9to5 made some claims about instapaper being a "scraper", Marco is very
sensitive about the grounds that he treads with regards to "Fair Use" - and,
in an overabundance of caution (paranoia?) - decided that he didn't want to
risk having 9to5 claim that he was violating fair-use by scraping their
website, and so he put them in the "Do Not Scrape" list.

What he may not have realized, is that it also appeared to a significant
portion of the community, that he was "censoring" 9to5 because they were
making claims against him that he didn't appreciate.

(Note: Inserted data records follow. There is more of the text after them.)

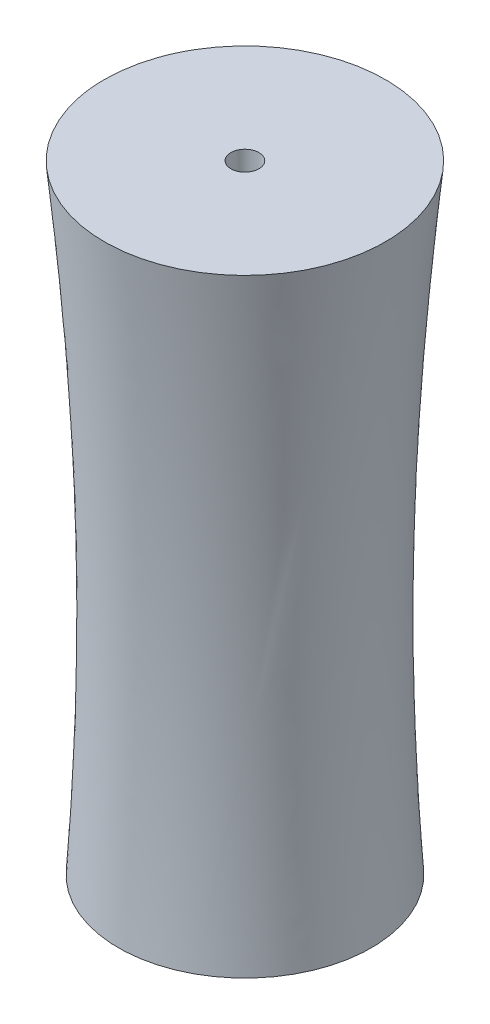
ISO-10303-21;
HEADER;
FILE_DESCRIPTION(('STEP AP214'),'2;1');
FILE_NAME('part.step','',(''),(''),'','','');
FILE_SCHEMA(('AUTOMOTIVE_DESIGN { 1 0 10303 214 1 1 1 1 }'));
ENDSEC;
DATA;
#1=APPLICATION_CONTEXT('core data for automotive mechanical design processes');
#2=APPLICATION_PROTOCOL_DEFINITION('international standard','automotive_design',2000,#1);
#3=PRODUCT_CONTEXT('',#1,'mechanical');
#4=PRODUCT('Part','Part','',(#3));
#5=PRODUCT_RELATED_PRODUCT_CATEGORY('part','',(#4));
#6=PRODUCT_DEFINITION_FORMATION('','',#4);
#7=PRODUCT_DEFINITION_CONTEXT('part definition',#1,'design');
#8=PRODUCT_DEFINITION('design','',#6,#7);
#9=PRODUCT_DEFINITION_SHAPE('','',#8);
#10=(LENGTH_UNIT() NAMED_UNIT(*) SI_UNIT(.MILLI.,.METRE.));
#11=(NAMED_UNIT(*) PLANE_ANGLE_UNIT() SI_UNIT($,.RADIAN.));
#12=(NAMED_UNIT(*) SI_UNIT($,.STERADIAN.) SOLID_ANGLE_UNIT());
#13=UNCERTAINTY_MEASURE_WITH_UNIT(LENGTH_MEASURE(1.E-05),#10,'distance_accuracy_value','');
#14=(GEOMETRIC_REPRESENTATION_CONTEXT(3) GLOBAL_UNCERTAINTY_ASSIGNED_CONTEXT((#13)) GLOBAL_UNIT_ASSIGNED_CONTEXT((#10,
#11,#12)) REPRESENTATION_CONTEXT('',''));
#15=CARTESIAN_POINT('',(0.,0.,0.));
#16=DIRECTION('',(0.,0.,1.));
#17=DIRECTION('',(1.,0.,0.));
#18=AXIS2_PLACEMENT_3D('',#15,#16,#17);
#19=CARTESIAN_POINT('',(0.,-22.0001,0.));
#20=DIRECTION('',(0.,1.,0.));
#21=DIRECTION('',(0.,0.,1.));
#22=AXIS2_PLACEMENT_3D('',#19,#20,#21);
#23=CYLINDRICAL_SURFACE('',#22,0.5);
#24=CARTESIAN_POINT('',(0.,0.,0.));
#25=DIRECTION('',(0.,1.,0.));
#26=DIRECTION('',(0.,0.,1.));
#27=AXIS2_PLACEMENT_3D('',#24,#25,#26);
#28=CIRCLE('',#27,0.5);
#29=CARTESIAN_POINT('',(0.,0.,0.5));
#30=VERTEX_POINT('',#29);
#31=EDGE_CURVE('E49',#30,#30,#28,.T.);
#32=ORIENTED_EDGE('',*,*,#31,.T.);
#33=EDGE_LOOP('',(#32));
#34=FACE_BOUND('',#33,.T.);
#35=CARTESIAN_POINT('',(0.,-20.,0.));
#36=DIRECTION('',(0.,-1.,0.));
#37=DIRECTION('',(0.,0.,-1.));
#38=AXIS2_PLACEMENT_3D('',#35,#36,#37);
#39=CIRCLE('',#38,0.5);
#40=CARTESIAN_POINT('',(0.,-20.,-0.5));
#41=VERTEX_POINT('',#40);
#42=EDGE_CURVE('E39',#41,#41,#39,.F.);
#43=ORIENTED_EDGE('',*,*,#42,.F.);
#44=EDGE_LOOP('',(#43));
#45=FACE_BOUND('',#44,.T.);
#46=ADVANCED_FACE('F34',(#34,#45),#23,.F.);
#47=CARTESIAN_POINT('',(0.,-22.,0.));
#48=DIRECTION('',(0.,1.,0.));
#49=DIRECTION('',(0.,0.,1.));
#50=AXIS2_PLACEMENT_3D('',#47,#48,#49);
#51=PLANE('',#50);
#52=CARTESIAN_POINT('',(0.,-22.,0.));
#53=DIRECTION('',(0.,-1.,0.));
#54=DIRECTION('',(0.,0.,-1.));
#55=AXIS2_PLACEMENT_3D('',#52,#53,#54);
#56=CIRCLE('',#55,2.5);
#57=CARTESIAN_POINT('',(0.,-22.,-2.5));
#58=VERTEX_POINT('',#57);
#59=EDGE_CURVE('E114',#58,#58,#56,.T.);
#60=ORIENTED_EDGE('',*,*,#59,.F.);
#61=EDGE_LOOP('',(#60));
#62=FACE_BOUND('',#61,.T.);
#63=CARTESIAN_POINT('',(0.,-22.,0.));
#64=DIRECTION('',(0.,1.,0.));
#65=DIRECTION('',(0.,0.,1.));
#66=AXIS2_PLACEMENT_3D('',#63,#64,#65);
#67=CIRCLE('',#66,4.5);
#68=CARTESIAN_POINT('',(2.15599757808678,-22.,3.94989549776749));
#69=VERTEX_POINT('',#68);
#70=EDGE_CURVE('E11',#69,#69,#67,.T.);
#71=ORIENTED_EDGE('',*,*,#70,.F.);
#72=EDGE_LOOP('',(#71));
#73=FACE_BOUND('',#72,.T.);
#74=ADVANCED_FACE('F36',(#62,#73),#51,.F.);
#75=CARTESIAN_POINT('',(0.,0.,0.));
#76=DIRECTION('',(0.,1.,0.));
#77=DIRECTION('',(0.,0.,1.));
#78=AXIS2_PLACEMENT_3D('',#75,#76,#77);
#79=PLANE('',#78);
#80=ORIENTED_EDGE('',*,*,#31,.F.);
#81=EDGE_LOOP('',(#80));
#82=FACE_BOUND('',#81,.T.);
#83=CARTESIAN_POINT('',(0.,0.,0.));
#84=DIRECTION('',(0.,1.,0.));
#85=DIRECTION('',(0.,0.,1.));
#86=AXIS2_PLACEMENT_3D('',#83,#84,#85);
#87=CIRCLE('',#86,5.);
#88=CARTESIAN_POINT('',(4.93479628606008,0.,0.804851299985032));
#89=VERTEX_POINT('',#88);
#90=EDGE_CURVE('E43',#89,#89,#87,.T.);
#91=ORIENTED_EDGE('',*,*,#90,.T.);
#92=EDGE_LOOP('',(#91));
#93=FACE_BOUND('',#92,.T.);
#94=ADVANCED_FACE('F70',(#82,#93),#79,.T.);
#95=CARTESIAN_POINT('',(4.93479628606008,0.,0.804851299985032));
#96=CARTESIAN_POINT('',(2.15599757808678,-22.,3.94989549776749));
#97=CARTESIAN_POINT('',(3.32509368609002,0.,10.6744438721052));
#98=CARTESIAN_POINT('',(-5.74379341744821,-22.,8.26189065394106));
#99=CARTESIAN_POINT('',(-6.54449888603015,0.,9.06474127213513));
#100=CARTESIAN_POINT('',(-10.0557885736218,-22.,0.362099658406065));
#101=CARTESIAN_POINT('',(-4.93479628606008,0.,-0.804851299985033));
#102=CARTESIAN_POINT('',(-2.15599757808678,-22.,-3.9498954977675));
#103=CARTESIAN_POINT('',(-3.32509368609002,0.,-10.6744438721052));
#104=CARTESIAN_POINT('',(5.74379341744821,-22.,-8.26189065394106));
#105=CARTESIAN_POINT('',(6.54449888603015,0.,-9.06474127213513));
#106=CARTESIAN_POINT('',(10.0557885736218,-22.,-0.362099658406067));
#107=CARTESIAN_POINT('',(4.93479628606008,0.,0.804851299985032));
#108=CARTESIAN_POINT('',(2.15599757808678,-22.,3.94989549776749));
#109=(BOUNDED_SURFACE() B_SPLINE_SURFACE(3,1,((#95,#96),(#97,#98),(#99,#100),(#101,#102),(#103,
#104),(#105,#106),(#107,#108)),.UNSPECIFIED.,.T.,.F.,.F.) B_SPLINE_SURFACE_WITH_KNOTS((4,3,4),
(2,2),(0.,0.5,1.),(0.,1.),
.UNSPECIFIED.) GEOMETRIC_REPRESENTATION_ITEM() RATIONAL_B_SPLINE_SURFACE(((1.,1.),
(0.333333333333333,0.333333333333333),(0.333333333333333,0.333333333333333),(1.,1.),
(0.333333333333333,0.333333333333333),(0.333333333333333,0.333333333333333),(1.,1.))) REPRESENTATION_ITEM('') SURFACE());
#110=CARTESIAN_POINT('',(4.93479628606008,0.,0.804851299985032));
#111=CARTESIAN_POINT('',(4.90585046618536,-0.229166666666666,0.837612177045266));
#112=CARTESIAN_POINT('',(4.87690464631064,-0.458333333333333,0.8703730541055));
#113=CARTESIAN_POINT('',(4.8190130065612,-0.916666666666667,0.935894808225968));
#114=CARTESIAN_POINT('',(4.79006718668647,-1.14583333333333,0.968655685286202));
#115=CARTESIAN_POINT('',(4.73217554693703,-1.60416666666667,1.03417743940667));
#116=CARTESIAN_POINT('',(4.70322972706231,-1.83333333333333,1.0669383164669));
#117=CARTESIAN_POINT('',(4.64533808731286,-2.29166666666667,1.13246007058737));
#118=CARTESIAN_POINT('',(4.61639226743814,-2.52083333333333,1.16522094764761));
#119=CARTESIAN_POINT('',(4.5585006276887,-2.97916666666667,1.23074270176807));
#120=CARTESIAN_POINT('',(4.52955480781398,-3.20833333333333,1.26350357882831));
#121=CARTESIAN_POINT('',(4.47166316806453,-3.66666666666667,1.32902533294878));
#122=CARTESIAN_POINT('',(4.44271734818981,-3.89583333333333,1.36178621000901));
#123=CARTESIAN_POINT('',(4.38482570844037,-4.35416666666667,1.42730796412948));
#124=CARTESIAN_POINT('',(4.35587988856564,-4.58333333333333,1.46006884118971));
#125=CARTESIAN_POINT('',(4.2979882488162,-5.04166666666667,1.52559059531018));
#126=CARTESIAN_POINT('',(4.26904242894148,-5.27083333333333,1.55835147237041));
#127=CARTESIAN_POINT('',(4.21115078919204,-5.72916666666667,1.62387322649088));
#128=CARTESIAN_POINT('',(4.18220496931731,-5.95833333333333,1.65663410355112));
#129=CARTESIAN_POINT('',(4.12431332956787,-6.41666666666667,1.72215585767158));
#130=CARTESIAN_POINT('',(4.09536750969315,-6.64583333333333,1.75491673473182));
#131=CARTESIAN_POINT('',(4.0374758699437,-7.10416666666667,1.82043848885229));
#132=CARTESIAN_POINT('',(4.00853005006898,-7.33333333333333,1.85319936591252));
#133=CARTESIAN_POINT('',(3.95063841031954,-7.79166666666667,1.91872112003299));
#134=CARTESIAN_POINT('',(3.92169259044482,-8.02083333333333,1.95148199709322));
#135=CARTESIAN_POINT('',(3.86380095069537,-8.47916666666667,2.01700375121369));
#136=CARTESIAN_POINT('',(3.83485513082065,-8.70833333333333,2.04976462827392));
#137=CARTESIAN_POINT('',(3.77696349107121,-9.16666666666667,2.11528638239439));
#138=CARTESIAN_POINT('',(3.74801767119649,-9.39583333333333,2.14804725945463));
#139=CARTESIAN_POINT('',(3.69012603144704,-9.85416666666667,2.21356901357509));
#140=CARTESIAN_POINT('',(3.66118021157232,-10.0833333333333,2.24632989063533));
#141=CARTESIAN_POINT('',(3.60328857182288,-10.5416666666667,2.3118516447558));
#142=CARTESIAN_POINT('',(3.57434275194815,-10.7708333333333,2.34461252181603));
#143=CARTESIAN_POINT('',(3.51645111219871,-11.2291666666667,2.4101342759365));
#144=CARTESIAN_POINT('',(3.48750529232399,-11.4583333333333,2.44289515299673));
#145=CARTESIAN_POINT('',(3.42961365257454,-11.9166666666667,2.5084169071172));
#146=CARTESIAN_POINT('',(3.40066783269982,-12.1458333333333,2.54117778417743));
#147=CARTESIAN_POINT('',(3.34277619295038,-12.6041666666667,2.6066995382979));
#148=CARTESIAN_POINT('',(3.31383037307566,-12.8333333333333,2.63946041535814));
#149=CARTESIAN_POINT('',(3.25593873332621,-13.2916666666667,2.7049821694786));
#150=CARTESIAN_POINT('',(3.22699291345149,-13.5208333333333,2.73774304653884));
#151=CARTESIAN_POINT('',(3.16910127370205,-13.9791666666667,2.80326480065931));
#152=CARTESIAN_POINT('',(3.14015545382733,-14.2083333333333,2.83602567771954));
#153=CARTESIAN_POINT('',(3.08226381407788,-14.6666666666667,2.90154743184001));
#154=CARTESIAN_POINT('',(3.05331799420316,-14.8958333333333,2.93430830890024));
#155=CARTESIAN_POINT('',(2.99542635445372,-15.3541666666667,2.99983006302071));
#156=CARTESIAN_POINT('',(2.96648053457899,-15.5833333333333,3.03259094008094));
#157=CARTESIAN_POINT('',(2.90858889482955,-16.0416666666667,3.09811269420141));
#158=CARTESIAN_POINT('',(2.87964307495483,-16.2708333333333,3.13087357126164));
#159=CARTESIAN_POINT('',(2.82175143520538,-16.7291666666667,3.19639532538211));
#160=CARTESIAN_POINT('',(2.79280561533066,-16.9583333333333,3.22915620244235));
#161=CARTESIAN_POINT('',(2.73491397558122,-17.4166666666667,3.29467795656282));
#162=CARTESIAN_POINT('',(2.7059681557065,-17.6458333333333,3.32743883362305));
#163=CARTESIAN_POINT('',(2.64807651595705,-18.1041666666667,3.39296058774352));
#164=CARTESIAN_POINT('',(2.61913069608233,-18.3333333333333,3.42572146480375));
#165=CARTESIAN_POINT('',(2.56123905633289,-18.7916666666667,3.49124321892422));
#166=CARTESIAN_POINT('',(2.53229323645817,-19.0208333333333,3.52400409598445));
#167=CARTESIAN_POINT('',(2.47440159670872,-19.4791666666667,3.58952585010492));
#168=CARTESIAN_POINT('',(2.445455776834,-19.7083333333333,3.62228672716516));
#169=CARTESIAN_POINT('',(2.38756413708456,-20.1666666666667,3.68780848128562));
#170=CARTESIAN_POINT('',(2.35861831720983,-20.3958333333333,3.72056935834586));
#171=CARTESIAN_POINT('',(2.30072667746039,-20.8541666666667,3.78609111246633));
#172=CARTESIAN_POINT('',(2.27178085758567,-21.0833333333333,3.81885198952656));
#173=CARTESIAN_POINT('',(2.21388921783623,-21.5416666666667,3.88437374364703));
#174=CARTESIAN_POINT('',(2.1849433979615,-21.7708333333333,3.91713462070726));
#175=CARTESIAN_POINT('',(2.15599757808678,-22.,3.94989549776749));
#176=B_SPLINE_CURVE_WITH_KNOTS('',3,(#110,#111,#112,#113,#114,#115,#116,#117,#118,#119,#120,
#121,#122,#123,#124,#125,#126,#127,#128,#129,#130,#131,#132,#133,#134,#135,#136,#137,#138,#139,
#140,#141,#142,#143,#144,#145,#146,#147,#148,#149,#150,#151,#152,#153,#154,#155,#156,#157,#158,
#159,#160,#161,#162,#163,#164,#165,#166,#167,#168,#169,#170,#171,#172,#173,#174,#175),
.UNSPECIFIED.,.F.,.F.,(4,2,2,2,2,2,2,2,2,2,2,2,2,2,2,2,2,2,2,2,2,2,2,2,2,2,2,2,2,2,2,2,4),(0.,
0.699897471052568,1.39979494210514,2.0996924131577,2.79958988421027,3.49948735526284,
4.19938482631541,4.89928229736798,5.59917976842055,6.29907723947311,6.99897471052568,
7.69887218157825,8.39876965263082,9.09866712368339,9.79856459473595,10.4984620657885,
11.1983595368411,11.8982570078937,12.5981544789462,13.2980519499988,13.9979494210514,
14.6978468921039,15.3977443631565,16.0976418342091,16.7975393052616,17.4974367763142,
18.1973342473668,18.8972317184193,19.5971291894719,20.2970266605245,20.996924131577,
21.6968216026296,22.3967190736822),.UNSPECIFIED.);
#177=EDGE_CURVE('BSEAM79',#89,#69,#176,.T.);
#178=ORIENTED_EDGE('',*,*,#90,.F.);
#179=ORIENTED_EDGE('',*,*,#70,.T.);
#180=ORIENTED_EDGE('',*,*,#177,.T.);
#181=ORIENTED_EDGE('',*,*,#177,.F.);
#182=EDGE_LOOP('',(#178,#180,#179,#181));
#183=FACE_BOUND('',#182,.T.);
#184=ADVANCED_FACE('F79',(#183),#109,.T.);
#185=CARTESIAN_POINT('',(0.,-20.,0.));
#186=DIRECTION('',(0.,-1.,0.));
#187=DIRECTION('',(0.,0.,-1.));
#188=AXIS2_PLACEMENT_3D('',#185,#186,#187);
#189=PLANE('',#188);
#190=CARTESIAN_POINT('',(0.,-20.,0.));
#191=DIRECTION('',(0.,-1.,0.));
#192=DIRECTION('',(0.,0.,-1.));
#193=AXIS2_PLACEMENT_3D('',#190,#191,#192);
#194=CIRCLE('',#193,2.5);
#195=CARTESIAN_POINT('',(0.,-20.,-2.5));
#196=VERTEX_POINT('',#195);
#197=EDGE_CURVE('E117',#196,#196,#194,.T.);
#198=ORIENTED_EDGE('',*,*,#197,.T.);
#199=EDGE_LOOP('',(#198));
#200=FACE_BOUND('',#199,.T.);
#201=ORIENTED_EDGE('',*,*,#42,.T.);
#202=EDGE_LOOP('',(#201));
#203=FACE_BOUND('',#202,.T.);
#204=ADVANCED_FACE('F86',(#200,#203),#189,.T.);
#205=CARTESIAN_POINT('',(0.,-20.,0.));
#206=DIRECTION('',(0.,-1.,0.));
#207=DIRECTION('',(0.,0.,-1.));
#208=AXIS2_PLACEMENT_3D('',#205,#206,#207);
#209=CYLINDRICAL_SURFACE('',#208,2.5);
#210=ORIENTED_EDGE('',*,*,#197,.F.);
#211=EDGE_LOOP('',(#210));
#212=FACE_BOUND('',#211,.T.);
#213=ORIENTED_EDGE('',*,*,#59,.T.);
#214=EDGE_LOOP('',(#213));
#215=FACE_BOUND('',#214,.T.);
#216=ADVANCED_FACE('F137',(#212,#215),#209,.F.);
#217=CLOSED_SHELL('',(#46,#74,#94,#184,#204,#216));
#218=MANIFOLD_SOLID_BREP('B2',#217);
#219=ADVANCED_BREP_SHAPE_REPRESENTATION('',(#18,#218),#14);
#220=SHAPE_DEFINITION_REPRESENTATION(#9,#219);
ENDSEC;
END-ISO-10303-21;

The thing about one-man-shop entrepreneurs - they have to walk a very, very
fine line between responsible business behavior, and accepting the status quo.
The first is an imperative for any long-standing business model, but the
second is death when they come up against any major obstacles (as every small
venture does).

I think Marco tripped here - hopefully he'll pick himself up, dust himself
off, and move on to do great things. I'm looking forward to this new IOS 6
stealth App he's been working on...

------
crcsmnky
Marco should definitely have known better and not involved his paying
customers in a squabble between himself and a publisher (who in turn didn't
have a problem with the service itself).

I'm glad he admitted fault and has corrected the issue but I'm left with less
confidence in the service. He needs to separate his defense of
Instapaper/himself from impacting his user base. Regardless of 9to5Mac's
actions here, Marco went overboard in censoring their content.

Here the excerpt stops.